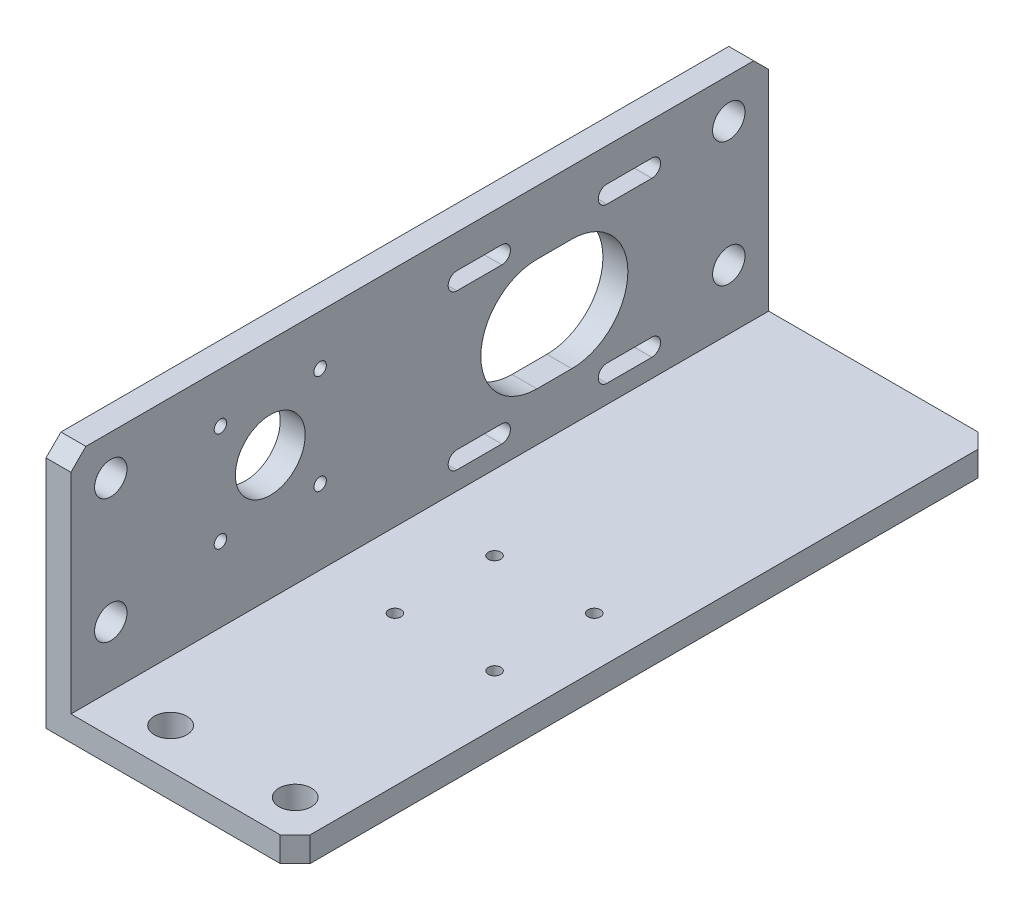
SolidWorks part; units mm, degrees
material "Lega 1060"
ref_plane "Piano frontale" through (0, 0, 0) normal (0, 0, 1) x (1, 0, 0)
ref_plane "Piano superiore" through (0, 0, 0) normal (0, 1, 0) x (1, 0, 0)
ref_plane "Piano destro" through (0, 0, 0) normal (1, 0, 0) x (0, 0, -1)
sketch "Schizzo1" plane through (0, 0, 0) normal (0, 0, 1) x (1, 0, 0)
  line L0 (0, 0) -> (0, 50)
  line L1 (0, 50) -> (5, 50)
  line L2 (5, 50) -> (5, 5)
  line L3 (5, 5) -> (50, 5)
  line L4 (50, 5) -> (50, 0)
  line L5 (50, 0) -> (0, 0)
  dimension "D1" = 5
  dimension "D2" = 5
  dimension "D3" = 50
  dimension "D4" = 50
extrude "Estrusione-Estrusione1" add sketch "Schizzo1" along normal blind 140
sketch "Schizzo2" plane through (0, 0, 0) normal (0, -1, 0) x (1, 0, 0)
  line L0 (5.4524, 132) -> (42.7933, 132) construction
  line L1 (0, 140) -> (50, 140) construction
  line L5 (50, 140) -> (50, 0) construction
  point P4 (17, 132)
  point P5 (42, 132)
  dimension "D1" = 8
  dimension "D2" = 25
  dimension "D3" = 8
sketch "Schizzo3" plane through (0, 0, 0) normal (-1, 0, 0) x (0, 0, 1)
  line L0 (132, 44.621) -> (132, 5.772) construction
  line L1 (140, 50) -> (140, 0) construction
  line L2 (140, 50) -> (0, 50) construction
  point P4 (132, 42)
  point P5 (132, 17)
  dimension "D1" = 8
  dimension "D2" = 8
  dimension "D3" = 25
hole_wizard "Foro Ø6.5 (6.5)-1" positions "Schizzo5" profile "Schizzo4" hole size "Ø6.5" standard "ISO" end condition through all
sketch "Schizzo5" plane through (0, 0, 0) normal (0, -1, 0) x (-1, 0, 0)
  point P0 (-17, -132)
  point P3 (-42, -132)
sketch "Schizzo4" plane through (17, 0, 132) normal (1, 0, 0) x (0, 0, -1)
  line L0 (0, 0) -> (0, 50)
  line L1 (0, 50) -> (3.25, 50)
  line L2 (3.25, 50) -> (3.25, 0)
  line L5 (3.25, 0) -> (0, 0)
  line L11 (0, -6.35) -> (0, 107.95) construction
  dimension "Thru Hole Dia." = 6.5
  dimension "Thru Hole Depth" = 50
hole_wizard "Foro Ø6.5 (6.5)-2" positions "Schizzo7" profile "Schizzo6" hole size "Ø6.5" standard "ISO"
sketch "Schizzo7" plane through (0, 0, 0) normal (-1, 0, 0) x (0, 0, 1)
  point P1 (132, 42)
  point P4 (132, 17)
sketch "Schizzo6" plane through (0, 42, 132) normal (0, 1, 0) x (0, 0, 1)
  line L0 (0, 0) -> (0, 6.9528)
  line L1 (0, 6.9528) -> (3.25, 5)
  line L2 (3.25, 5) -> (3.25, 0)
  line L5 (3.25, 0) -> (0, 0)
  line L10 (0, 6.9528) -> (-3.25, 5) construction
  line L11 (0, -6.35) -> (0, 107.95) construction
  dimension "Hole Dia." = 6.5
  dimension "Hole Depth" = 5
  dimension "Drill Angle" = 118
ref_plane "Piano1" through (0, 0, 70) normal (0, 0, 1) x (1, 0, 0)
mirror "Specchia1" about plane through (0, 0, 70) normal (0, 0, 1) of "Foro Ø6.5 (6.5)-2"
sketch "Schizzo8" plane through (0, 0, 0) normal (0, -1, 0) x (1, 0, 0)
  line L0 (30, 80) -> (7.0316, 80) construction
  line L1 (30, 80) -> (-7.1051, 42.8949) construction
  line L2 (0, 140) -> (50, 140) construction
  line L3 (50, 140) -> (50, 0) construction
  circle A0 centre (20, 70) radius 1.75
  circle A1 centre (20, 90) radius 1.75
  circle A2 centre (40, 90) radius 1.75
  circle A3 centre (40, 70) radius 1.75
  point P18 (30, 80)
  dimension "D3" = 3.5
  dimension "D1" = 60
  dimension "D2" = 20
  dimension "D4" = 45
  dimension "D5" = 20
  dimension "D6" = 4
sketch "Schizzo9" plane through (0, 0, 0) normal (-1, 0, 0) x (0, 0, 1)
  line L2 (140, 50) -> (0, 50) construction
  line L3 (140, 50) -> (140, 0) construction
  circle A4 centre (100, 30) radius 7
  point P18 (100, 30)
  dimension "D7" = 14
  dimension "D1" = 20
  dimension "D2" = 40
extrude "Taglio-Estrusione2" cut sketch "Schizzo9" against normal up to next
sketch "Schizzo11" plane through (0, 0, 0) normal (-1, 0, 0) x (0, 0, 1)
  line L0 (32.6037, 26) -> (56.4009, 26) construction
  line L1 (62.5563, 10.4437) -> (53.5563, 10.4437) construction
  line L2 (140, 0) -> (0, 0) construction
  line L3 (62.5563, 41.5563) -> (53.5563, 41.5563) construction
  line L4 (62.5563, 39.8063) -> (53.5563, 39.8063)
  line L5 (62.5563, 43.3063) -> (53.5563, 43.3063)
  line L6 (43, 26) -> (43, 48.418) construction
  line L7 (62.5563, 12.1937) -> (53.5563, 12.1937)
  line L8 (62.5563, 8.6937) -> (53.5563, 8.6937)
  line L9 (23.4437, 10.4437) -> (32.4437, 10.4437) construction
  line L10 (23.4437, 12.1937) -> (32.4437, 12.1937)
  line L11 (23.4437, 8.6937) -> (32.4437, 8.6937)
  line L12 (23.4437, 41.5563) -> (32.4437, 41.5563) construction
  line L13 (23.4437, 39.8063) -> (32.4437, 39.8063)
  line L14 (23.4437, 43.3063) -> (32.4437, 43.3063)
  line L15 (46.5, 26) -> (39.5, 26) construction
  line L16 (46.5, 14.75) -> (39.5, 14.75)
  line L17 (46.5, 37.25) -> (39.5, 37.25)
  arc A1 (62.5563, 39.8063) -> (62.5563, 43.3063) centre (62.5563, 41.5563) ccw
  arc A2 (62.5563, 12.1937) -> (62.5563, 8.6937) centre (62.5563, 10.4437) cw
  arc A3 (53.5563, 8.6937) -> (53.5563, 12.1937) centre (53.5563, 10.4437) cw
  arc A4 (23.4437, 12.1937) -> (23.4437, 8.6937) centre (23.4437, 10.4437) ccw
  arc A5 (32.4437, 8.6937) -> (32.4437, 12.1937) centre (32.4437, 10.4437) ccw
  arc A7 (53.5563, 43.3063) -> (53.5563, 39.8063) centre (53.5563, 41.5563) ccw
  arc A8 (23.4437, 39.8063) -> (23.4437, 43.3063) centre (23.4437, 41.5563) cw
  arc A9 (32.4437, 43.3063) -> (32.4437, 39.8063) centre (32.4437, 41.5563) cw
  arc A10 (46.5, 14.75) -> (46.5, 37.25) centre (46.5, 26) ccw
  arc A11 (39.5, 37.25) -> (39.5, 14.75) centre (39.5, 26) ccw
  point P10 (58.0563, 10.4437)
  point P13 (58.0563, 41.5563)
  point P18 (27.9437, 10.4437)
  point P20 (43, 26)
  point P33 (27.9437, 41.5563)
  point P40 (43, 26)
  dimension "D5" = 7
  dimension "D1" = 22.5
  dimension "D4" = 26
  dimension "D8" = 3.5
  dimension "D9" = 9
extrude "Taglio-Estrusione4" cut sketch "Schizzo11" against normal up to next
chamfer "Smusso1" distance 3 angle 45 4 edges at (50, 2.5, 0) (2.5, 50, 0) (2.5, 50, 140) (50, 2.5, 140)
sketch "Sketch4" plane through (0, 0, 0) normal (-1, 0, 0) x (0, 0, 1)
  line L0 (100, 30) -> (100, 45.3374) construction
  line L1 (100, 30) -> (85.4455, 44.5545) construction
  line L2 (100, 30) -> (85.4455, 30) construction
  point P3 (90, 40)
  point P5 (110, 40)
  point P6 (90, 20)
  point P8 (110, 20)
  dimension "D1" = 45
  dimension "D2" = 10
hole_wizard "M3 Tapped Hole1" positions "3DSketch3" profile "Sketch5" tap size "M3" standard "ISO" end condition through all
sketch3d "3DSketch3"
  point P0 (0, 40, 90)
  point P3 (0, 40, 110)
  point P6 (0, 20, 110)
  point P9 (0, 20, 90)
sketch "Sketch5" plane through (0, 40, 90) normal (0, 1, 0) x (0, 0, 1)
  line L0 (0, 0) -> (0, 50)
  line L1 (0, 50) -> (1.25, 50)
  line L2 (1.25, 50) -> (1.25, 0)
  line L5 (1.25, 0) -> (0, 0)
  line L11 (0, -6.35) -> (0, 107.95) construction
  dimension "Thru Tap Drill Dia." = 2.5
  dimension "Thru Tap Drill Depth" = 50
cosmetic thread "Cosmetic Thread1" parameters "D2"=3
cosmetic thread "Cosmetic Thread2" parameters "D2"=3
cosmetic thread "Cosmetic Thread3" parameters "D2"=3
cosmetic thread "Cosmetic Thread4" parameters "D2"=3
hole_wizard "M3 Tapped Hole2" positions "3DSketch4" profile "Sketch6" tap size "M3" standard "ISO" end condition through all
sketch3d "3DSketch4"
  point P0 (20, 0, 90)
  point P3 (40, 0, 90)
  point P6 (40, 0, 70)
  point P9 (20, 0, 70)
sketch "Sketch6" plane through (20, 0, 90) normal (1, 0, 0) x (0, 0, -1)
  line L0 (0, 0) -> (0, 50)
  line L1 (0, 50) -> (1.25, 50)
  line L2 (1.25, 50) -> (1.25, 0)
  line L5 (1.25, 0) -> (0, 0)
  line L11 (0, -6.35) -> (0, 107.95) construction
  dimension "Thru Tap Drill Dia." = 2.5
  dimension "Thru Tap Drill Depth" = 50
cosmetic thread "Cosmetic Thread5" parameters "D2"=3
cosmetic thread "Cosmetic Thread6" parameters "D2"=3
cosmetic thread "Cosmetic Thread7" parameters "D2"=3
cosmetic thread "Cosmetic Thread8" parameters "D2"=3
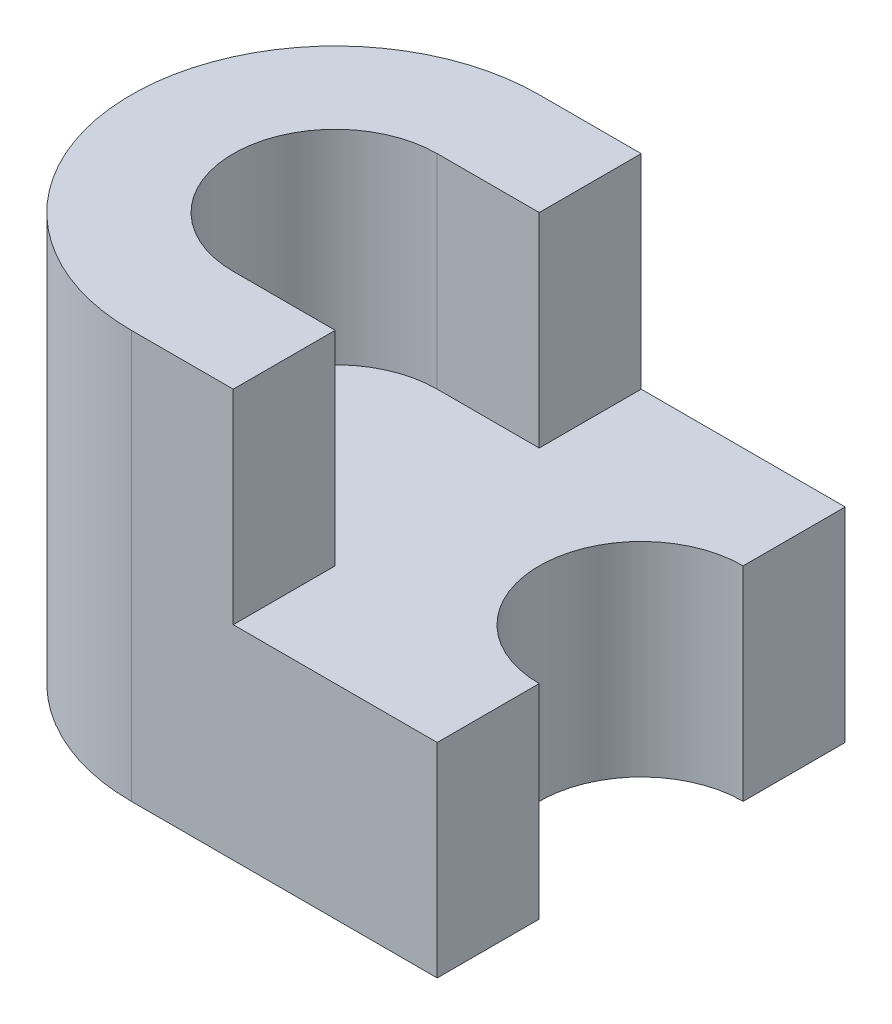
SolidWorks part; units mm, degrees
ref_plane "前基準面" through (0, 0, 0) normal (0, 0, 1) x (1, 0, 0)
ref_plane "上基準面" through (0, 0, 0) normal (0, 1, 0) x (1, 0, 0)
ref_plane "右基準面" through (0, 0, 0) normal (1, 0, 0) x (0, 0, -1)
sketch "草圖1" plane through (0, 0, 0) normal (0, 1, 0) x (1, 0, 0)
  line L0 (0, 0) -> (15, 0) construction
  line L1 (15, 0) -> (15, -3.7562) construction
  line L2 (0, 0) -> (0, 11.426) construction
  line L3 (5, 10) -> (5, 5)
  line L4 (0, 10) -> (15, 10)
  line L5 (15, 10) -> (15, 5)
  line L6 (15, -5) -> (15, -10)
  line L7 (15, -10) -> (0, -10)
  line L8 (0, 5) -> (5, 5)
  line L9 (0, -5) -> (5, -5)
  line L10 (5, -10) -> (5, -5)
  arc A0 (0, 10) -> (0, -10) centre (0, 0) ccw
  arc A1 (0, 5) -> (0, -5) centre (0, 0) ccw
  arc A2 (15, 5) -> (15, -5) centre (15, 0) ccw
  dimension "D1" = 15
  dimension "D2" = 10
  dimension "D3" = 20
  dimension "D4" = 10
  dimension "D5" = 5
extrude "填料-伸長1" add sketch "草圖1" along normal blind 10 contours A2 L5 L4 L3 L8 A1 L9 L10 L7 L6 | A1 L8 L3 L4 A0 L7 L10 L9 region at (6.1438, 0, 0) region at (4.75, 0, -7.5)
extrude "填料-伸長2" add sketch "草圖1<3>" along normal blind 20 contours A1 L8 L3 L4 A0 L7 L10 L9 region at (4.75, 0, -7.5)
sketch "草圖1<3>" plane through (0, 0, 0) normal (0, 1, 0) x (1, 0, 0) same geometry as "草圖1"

# What is expected
Reply with nothing but the number of lines in the listing that include "Depth".

# Problem solution
4